### Assignment
Find "#77=LINE('',#76,#75);" and "#120=EDGE_CURVE('E299',#109,#119,#117,.T.);" in the records below. Copy the lines holding them and every line between, exactly, and no others.

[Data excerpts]
○ ○ ○
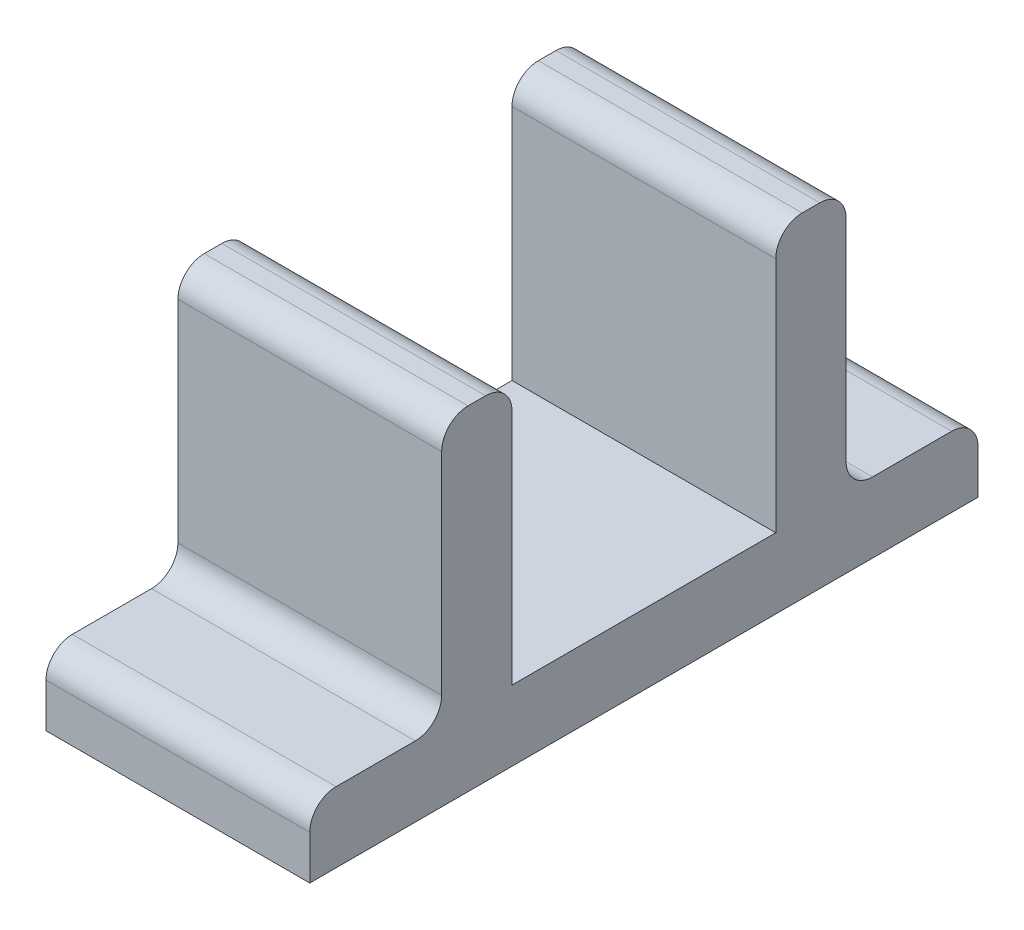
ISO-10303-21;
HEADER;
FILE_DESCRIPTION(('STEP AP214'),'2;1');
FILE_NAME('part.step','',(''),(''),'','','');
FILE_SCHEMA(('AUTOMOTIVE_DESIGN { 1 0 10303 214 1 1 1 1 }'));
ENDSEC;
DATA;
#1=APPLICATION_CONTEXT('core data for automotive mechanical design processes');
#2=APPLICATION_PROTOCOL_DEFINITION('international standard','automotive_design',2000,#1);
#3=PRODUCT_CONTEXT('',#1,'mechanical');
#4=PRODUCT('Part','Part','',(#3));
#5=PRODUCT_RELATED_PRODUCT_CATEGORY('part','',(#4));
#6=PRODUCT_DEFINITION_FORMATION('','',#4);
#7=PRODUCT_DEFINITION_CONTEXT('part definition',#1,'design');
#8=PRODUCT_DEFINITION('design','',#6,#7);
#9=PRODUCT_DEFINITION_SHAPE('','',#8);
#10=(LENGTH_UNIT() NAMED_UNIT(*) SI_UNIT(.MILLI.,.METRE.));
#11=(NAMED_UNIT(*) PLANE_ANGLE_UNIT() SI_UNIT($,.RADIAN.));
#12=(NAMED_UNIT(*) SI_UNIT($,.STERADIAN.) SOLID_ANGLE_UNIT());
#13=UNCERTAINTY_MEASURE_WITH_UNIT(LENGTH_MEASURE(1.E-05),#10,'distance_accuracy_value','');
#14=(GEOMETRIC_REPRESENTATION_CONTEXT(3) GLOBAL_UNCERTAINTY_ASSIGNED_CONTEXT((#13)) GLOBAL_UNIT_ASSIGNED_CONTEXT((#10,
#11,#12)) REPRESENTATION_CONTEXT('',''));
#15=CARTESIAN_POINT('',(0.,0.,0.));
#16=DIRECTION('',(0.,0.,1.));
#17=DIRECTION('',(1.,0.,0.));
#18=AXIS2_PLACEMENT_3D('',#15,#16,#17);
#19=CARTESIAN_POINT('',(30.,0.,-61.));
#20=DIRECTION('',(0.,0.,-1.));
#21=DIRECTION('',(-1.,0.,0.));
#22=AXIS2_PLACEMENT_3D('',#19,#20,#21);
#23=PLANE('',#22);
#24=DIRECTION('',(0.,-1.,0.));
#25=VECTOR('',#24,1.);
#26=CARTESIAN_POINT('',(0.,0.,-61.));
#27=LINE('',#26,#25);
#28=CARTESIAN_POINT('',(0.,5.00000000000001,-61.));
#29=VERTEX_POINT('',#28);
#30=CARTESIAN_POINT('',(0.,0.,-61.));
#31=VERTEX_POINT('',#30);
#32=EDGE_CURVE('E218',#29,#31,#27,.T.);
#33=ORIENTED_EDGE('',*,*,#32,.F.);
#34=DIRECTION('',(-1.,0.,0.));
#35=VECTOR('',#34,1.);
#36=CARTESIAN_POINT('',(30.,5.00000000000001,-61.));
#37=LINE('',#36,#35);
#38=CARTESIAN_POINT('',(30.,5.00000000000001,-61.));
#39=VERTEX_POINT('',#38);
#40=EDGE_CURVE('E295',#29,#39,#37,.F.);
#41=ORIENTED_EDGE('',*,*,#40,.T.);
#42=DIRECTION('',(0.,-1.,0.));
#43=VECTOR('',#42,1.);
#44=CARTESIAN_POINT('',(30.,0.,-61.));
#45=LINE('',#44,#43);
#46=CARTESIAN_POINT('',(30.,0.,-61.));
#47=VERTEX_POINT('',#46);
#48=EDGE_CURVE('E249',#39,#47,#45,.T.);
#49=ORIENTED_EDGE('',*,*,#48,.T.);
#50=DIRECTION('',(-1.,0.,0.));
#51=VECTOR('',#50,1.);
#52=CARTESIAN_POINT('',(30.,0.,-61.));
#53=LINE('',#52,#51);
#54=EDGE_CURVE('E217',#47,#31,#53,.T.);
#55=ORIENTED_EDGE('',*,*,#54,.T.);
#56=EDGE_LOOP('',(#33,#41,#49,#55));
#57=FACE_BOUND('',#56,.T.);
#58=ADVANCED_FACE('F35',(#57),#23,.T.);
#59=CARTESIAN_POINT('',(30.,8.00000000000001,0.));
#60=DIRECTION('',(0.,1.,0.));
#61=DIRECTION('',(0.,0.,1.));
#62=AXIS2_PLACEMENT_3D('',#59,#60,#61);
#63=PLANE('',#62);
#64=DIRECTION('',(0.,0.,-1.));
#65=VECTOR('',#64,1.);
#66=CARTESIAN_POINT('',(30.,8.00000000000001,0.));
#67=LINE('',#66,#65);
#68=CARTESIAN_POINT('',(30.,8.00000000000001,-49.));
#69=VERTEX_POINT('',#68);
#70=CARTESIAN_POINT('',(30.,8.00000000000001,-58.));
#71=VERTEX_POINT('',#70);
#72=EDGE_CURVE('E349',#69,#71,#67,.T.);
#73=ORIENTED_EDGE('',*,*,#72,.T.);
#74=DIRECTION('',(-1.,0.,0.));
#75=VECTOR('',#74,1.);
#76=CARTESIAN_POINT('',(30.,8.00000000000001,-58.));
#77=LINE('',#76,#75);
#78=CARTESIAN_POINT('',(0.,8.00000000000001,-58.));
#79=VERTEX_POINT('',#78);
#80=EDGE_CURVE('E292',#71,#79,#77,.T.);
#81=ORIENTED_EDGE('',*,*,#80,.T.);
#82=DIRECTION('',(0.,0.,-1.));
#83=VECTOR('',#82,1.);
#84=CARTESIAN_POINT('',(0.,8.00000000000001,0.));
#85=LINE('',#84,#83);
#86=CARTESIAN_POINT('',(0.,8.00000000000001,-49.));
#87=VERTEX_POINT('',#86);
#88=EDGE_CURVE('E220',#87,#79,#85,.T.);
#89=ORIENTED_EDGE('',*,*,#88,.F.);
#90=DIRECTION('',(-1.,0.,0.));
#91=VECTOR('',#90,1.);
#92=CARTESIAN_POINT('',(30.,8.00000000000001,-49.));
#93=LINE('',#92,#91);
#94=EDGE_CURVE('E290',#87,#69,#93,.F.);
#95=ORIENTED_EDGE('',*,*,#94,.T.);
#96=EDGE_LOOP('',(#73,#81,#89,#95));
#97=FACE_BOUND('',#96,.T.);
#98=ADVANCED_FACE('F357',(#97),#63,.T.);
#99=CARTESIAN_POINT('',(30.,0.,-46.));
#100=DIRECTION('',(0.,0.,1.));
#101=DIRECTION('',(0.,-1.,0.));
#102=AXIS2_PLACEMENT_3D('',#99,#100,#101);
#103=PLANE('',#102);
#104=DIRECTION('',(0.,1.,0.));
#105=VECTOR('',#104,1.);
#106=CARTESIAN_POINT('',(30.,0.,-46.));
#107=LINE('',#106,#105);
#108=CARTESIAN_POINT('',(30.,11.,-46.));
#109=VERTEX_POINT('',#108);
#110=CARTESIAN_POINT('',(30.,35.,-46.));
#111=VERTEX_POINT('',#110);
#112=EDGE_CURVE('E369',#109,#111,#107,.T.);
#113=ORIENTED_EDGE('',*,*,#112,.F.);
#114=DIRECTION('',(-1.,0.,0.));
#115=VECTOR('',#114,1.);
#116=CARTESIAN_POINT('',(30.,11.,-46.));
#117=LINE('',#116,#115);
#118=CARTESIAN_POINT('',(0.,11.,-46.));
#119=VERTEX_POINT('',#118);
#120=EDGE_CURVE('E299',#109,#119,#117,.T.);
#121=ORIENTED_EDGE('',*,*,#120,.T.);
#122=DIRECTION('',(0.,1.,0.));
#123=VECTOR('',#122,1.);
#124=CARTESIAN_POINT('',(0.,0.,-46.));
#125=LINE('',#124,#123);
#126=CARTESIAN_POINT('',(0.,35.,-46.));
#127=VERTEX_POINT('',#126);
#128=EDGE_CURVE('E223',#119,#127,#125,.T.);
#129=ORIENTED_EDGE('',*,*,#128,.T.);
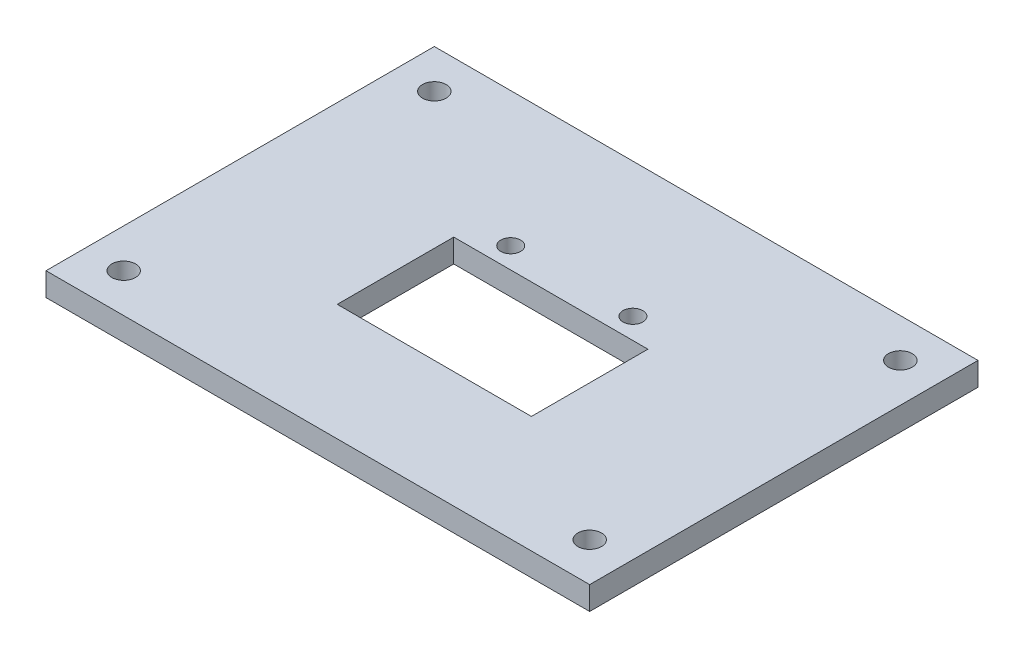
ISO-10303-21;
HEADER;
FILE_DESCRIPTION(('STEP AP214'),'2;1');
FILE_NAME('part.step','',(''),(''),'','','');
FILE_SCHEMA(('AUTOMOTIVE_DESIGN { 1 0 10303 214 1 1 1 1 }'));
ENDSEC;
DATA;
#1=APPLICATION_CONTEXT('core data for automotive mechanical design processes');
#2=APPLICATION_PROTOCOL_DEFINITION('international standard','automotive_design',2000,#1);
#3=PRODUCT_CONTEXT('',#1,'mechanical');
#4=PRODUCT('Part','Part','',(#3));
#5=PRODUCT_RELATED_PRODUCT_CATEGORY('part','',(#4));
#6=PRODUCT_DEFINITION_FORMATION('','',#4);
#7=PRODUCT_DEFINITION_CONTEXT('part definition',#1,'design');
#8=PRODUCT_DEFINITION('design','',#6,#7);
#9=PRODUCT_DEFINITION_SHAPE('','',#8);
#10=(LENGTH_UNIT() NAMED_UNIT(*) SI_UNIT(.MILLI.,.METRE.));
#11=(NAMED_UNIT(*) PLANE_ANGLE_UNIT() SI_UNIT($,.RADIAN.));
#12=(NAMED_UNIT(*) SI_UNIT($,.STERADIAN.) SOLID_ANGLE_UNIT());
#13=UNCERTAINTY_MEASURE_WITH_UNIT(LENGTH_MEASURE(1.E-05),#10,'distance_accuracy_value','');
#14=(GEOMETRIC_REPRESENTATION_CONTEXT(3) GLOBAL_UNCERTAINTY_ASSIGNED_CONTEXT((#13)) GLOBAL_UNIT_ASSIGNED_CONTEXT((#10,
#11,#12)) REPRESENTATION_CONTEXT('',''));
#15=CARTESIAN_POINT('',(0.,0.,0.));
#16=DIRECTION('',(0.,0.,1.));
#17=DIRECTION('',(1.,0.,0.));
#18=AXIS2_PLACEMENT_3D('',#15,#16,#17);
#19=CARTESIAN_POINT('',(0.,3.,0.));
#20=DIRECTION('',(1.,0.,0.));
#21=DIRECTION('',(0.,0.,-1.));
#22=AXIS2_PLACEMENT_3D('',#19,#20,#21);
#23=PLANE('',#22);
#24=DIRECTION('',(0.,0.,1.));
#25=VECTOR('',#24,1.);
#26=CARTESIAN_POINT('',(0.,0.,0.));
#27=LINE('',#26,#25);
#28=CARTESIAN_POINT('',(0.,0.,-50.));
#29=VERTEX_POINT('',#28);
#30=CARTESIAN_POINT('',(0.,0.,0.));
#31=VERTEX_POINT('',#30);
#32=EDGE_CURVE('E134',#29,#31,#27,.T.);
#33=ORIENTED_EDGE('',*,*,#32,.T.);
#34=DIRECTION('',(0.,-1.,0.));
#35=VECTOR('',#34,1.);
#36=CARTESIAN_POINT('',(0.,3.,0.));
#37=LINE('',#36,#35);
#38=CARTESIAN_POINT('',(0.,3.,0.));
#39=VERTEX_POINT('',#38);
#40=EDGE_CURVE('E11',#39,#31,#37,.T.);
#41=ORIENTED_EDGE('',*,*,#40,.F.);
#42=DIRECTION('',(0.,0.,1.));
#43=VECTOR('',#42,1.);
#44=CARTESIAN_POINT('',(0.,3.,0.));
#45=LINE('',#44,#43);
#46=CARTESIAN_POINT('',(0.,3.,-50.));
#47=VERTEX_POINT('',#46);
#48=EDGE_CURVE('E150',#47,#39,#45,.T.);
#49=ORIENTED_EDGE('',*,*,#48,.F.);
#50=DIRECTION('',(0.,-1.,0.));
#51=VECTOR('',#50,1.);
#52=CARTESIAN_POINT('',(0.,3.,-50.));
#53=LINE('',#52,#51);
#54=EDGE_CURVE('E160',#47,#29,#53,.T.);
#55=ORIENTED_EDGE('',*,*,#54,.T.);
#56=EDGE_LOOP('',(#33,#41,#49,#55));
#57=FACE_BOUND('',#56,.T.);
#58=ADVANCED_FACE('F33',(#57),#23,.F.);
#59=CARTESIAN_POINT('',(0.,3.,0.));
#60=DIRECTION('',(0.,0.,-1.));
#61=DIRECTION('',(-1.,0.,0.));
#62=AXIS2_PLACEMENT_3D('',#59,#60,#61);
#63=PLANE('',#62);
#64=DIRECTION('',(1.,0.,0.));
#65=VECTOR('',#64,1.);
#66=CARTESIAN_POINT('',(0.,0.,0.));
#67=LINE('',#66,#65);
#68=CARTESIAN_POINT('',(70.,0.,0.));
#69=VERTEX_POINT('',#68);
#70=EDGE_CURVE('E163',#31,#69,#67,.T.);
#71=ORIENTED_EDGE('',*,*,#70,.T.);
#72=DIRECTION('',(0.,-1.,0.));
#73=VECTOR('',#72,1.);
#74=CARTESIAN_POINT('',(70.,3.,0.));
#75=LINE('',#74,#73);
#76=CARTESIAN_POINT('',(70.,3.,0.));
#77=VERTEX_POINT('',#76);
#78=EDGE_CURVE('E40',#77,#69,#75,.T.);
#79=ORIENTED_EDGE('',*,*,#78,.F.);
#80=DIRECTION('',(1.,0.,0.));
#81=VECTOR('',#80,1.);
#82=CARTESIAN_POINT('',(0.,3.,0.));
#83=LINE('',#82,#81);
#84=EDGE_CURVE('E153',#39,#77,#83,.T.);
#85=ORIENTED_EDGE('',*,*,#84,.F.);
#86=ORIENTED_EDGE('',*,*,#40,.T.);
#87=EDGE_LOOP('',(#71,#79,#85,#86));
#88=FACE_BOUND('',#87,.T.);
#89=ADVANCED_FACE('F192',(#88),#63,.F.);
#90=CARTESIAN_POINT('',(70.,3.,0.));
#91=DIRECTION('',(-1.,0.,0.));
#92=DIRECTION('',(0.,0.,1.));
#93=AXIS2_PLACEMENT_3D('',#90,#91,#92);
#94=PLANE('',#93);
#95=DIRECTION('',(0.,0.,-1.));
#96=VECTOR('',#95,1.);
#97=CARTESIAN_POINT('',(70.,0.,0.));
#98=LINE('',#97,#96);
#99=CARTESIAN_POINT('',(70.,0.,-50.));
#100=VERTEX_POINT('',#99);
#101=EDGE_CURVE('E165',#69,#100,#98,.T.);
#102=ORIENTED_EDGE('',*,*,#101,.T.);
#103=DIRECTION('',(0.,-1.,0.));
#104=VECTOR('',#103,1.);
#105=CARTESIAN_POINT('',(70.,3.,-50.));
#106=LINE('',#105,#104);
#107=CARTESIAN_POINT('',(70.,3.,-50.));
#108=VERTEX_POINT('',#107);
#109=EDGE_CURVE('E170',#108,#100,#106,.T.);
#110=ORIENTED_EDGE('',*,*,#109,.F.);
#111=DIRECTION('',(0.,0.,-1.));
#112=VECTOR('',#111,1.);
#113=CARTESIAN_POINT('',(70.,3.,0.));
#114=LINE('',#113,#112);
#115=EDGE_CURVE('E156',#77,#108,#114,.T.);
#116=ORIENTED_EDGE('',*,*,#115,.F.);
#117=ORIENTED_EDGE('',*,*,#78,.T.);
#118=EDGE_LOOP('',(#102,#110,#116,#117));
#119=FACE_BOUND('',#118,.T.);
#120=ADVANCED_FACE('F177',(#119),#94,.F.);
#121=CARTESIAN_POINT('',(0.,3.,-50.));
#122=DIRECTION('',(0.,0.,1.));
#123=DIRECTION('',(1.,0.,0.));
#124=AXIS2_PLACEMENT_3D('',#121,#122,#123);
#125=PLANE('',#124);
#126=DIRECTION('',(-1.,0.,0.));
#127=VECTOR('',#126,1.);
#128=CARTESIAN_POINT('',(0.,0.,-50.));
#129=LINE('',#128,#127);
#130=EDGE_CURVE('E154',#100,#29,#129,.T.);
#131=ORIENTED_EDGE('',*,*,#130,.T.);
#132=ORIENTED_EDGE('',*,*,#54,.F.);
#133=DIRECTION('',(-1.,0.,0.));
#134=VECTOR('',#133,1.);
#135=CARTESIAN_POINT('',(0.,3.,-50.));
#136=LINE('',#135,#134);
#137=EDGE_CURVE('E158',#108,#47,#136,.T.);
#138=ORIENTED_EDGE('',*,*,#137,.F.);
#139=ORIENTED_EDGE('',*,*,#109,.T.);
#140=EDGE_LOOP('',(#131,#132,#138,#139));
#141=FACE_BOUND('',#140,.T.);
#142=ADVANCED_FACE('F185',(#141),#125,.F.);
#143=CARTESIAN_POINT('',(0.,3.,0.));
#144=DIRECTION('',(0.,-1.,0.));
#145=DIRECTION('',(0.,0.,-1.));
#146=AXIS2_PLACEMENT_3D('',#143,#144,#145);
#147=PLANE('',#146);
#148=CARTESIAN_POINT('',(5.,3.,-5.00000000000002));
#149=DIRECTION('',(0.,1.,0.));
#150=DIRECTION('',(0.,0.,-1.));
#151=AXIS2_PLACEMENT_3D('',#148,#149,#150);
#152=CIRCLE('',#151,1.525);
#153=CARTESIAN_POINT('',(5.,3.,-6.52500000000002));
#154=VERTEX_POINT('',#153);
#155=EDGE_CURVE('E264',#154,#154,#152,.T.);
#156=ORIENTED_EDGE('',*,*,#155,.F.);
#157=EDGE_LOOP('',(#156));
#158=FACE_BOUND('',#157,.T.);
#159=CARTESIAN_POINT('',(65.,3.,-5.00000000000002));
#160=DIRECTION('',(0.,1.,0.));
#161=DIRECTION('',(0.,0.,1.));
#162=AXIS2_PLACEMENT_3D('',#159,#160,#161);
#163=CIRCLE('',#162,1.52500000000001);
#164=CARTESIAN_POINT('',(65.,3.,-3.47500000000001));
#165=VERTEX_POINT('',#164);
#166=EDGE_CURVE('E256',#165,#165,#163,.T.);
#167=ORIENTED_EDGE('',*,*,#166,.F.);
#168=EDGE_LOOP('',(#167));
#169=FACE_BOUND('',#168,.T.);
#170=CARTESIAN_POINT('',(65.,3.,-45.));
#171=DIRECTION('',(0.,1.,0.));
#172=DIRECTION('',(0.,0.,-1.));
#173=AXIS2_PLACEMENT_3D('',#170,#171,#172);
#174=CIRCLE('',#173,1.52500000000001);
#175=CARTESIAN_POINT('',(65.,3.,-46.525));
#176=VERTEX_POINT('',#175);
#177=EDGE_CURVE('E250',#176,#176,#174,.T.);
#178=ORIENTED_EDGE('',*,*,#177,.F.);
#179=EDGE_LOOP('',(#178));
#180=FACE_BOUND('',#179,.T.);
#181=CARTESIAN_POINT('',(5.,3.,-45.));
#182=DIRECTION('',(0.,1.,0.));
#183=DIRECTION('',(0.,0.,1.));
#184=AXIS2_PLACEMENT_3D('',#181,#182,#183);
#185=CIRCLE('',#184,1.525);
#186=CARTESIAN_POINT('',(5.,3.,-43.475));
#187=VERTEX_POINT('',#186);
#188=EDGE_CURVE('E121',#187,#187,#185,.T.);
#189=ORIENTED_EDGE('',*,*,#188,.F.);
○ ○ ○
### The answer
#77=LINE('',#76,#75);
#78=CARTESIAN_POINT('',(0.,8.00000000000001,-58.));
#79=VERTEX_POINT('',#78);
#80=EDGE_CURVE('E292',#71,#79,#77,.T.);
#81=ORIENTED_EDGE('',*,*,#80,.T.);
#82=DIRECTION('',(0.,0.,-1.));
#83=VECTOR('',#82,1.);
#84=CARTESIAN_POINT('',(0.,8.00000000000001,0.));
#85=LINE('',#84,#83);
#86=CARTESIAN_POINT('',(0.,8.00000000000001,-49.));
#87=VERTEX_POINT('',#86);
#88=EDGE_CURVE('E220',#87,#79,#85,.T.);
#89=ORIENTED_EDGE('',*,*,#88,.F.);
#90=DIRECTION('',(-1.,0.,0.));
#91=VECTOR('',#90,1.);
#92=CARTESIAN_POINT('',(30.,8.00000000000001,-49.));
#93=LINE('',#92,#91);
#94=EDGE_CURVE('E290',#87,#69,#93,.F.);
#95=ORIENTED_EDGE('',*,*,#94,.T.);
#96=EDGE_LOOP('',(#73,#81,#89,#95));
#97=FACE_BOUND('',#96,.T.);
#98=ADVANCED_FACE('F357',(#97),#63,.T.);
#99=CARTESIAN_POINT('',(30.,0.,-46.));
#100=DIRECTION('',(0.,0.,1.));
#101=DIRECTION('',(0.,-1.,0.));
#102=AXIS2_PLACEMENT_3D('',#99,#100,#101);
#103=PLANE('',#102);
#104=DIRECTION('',(0.,1.,0.));
#105=VECTOR('',#104,1.);
#106=CARTESIAN_POINT('',(30.,0.,-46.));
#107=LINE('',#106,#105);
#108=CARTESIAN_POINT('',(30.,11.,-46.));
#109=VERTEX_POINT('',#108);
#110=CARTESIAN_POINT('',(30.,35.,-46.));
#111=VERTEX_POINT('',#110);
#112=EDGE_CURVE('E369',#109,#111,#107,.T.);
#113=ORIENTED_EDGE('',*,*,#112,.F.);
#114=DIRECTION('',(-1.,0.,0.));
#115=VECTOR('',#114,1.);
#116=CARTESIAN_POINT('',(30.,11.,-46.));
#117=LINE('',#116,#115);
#118=CARTESIAN_POINT('',(0.,11.,-46.));
#119=VERTEX_POINT('',#118);
#120=EDGE_CURVE('E299',#109,#119,#117,.T.);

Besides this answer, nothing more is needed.